Meski penggunaan hak ekonomi pertunjukan tersebut dinilai seharusnya dapat dilakukan tanpa meminta izin terlebih dahulu kepada pencipta sebagaimana diatur dalam Pasal 23 ayat (5) UU Hak Cipta. Royalti tersebut harus dibayarkan oleh pengguna melalui Lembaga Manajemen Kolektif (LMK).
ADVERTISEMENT
Konsisten dengan ketentuan di mana royalti untuk menggunakan hak ekonomi pertunjukan (performing rights) dibayarkan melalui mekanisme LMK.

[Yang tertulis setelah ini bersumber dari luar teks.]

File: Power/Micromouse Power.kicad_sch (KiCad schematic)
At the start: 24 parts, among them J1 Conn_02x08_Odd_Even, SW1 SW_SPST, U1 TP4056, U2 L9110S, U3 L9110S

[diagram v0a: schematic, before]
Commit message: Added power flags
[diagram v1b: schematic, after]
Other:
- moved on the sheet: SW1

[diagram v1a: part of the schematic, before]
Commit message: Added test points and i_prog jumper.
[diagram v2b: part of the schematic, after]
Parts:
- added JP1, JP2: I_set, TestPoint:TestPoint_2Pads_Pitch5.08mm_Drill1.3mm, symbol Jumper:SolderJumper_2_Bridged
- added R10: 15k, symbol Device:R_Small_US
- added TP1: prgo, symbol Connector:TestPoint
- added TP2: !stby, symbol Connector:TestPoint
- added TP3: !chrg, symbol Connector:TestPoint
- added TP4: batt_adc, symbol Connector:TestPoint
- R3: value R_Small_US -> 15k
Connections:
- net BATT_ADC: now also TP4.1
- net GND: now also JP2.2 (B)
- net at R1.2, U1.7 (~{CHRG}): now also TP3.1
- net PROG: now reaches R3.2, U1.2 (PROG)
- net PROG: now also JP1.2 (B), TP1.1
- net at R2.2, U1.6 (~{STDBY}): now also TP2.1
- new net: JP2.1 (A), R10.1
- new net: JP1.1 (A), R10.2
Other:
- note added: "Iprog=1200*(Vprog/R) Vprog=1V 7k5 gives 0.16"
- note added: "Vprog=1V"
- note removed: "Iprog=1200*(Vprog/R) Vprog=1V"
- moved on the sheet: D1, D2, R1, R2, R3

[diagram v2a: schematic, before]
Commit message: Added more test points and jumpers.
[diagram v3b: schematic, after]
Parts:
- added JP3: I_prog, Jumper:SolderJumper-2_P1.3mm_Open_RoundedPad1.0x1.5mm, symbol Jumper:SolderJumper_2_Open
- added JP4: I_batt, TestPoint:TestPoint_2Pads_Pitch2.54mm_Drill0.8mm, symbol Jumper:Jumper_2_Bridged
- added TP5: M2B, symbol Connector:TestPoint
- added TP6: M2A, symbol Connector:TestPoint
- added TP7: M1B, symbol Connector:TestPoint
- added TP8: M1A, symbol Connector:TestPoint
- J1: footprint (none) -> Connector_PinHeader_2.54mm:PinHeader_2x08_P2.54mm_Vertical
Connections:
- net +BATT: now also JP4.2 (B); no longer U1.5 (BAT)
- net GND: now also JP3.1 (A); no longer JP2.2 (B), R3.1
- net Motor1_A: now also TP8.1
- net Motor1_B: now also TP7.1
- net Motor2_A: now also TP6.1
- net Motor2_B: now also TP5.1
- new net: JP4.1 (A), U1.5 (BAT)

Pasal 87 UU Hak Cipta secara lebih khusus mengatur mengenai mekanisme tersebut. Pencipta hanya dapat memperoleh hak ekonominya dan menarik imbalan yang wajar dari pengguna yang memanfaatkan hak cipta dalam bentuk layanan publik yang bersifat komersial.
Kemudian tata kelola penghimpunan dan pendistribusian royalti secara kolektif melalui Lembaga Manajemen Kolektif Nasional (LMKN) pada dasarnya bekerja dengan mekanisme di mana pengguna suatu ciptaan membayarkan royalti untuk pencipta melalui LMKN. Royalti kemudian diteruskan kepada LMK untuk didistribusikan kepada pencipta yang merupakan anggota dari LMK tersebut.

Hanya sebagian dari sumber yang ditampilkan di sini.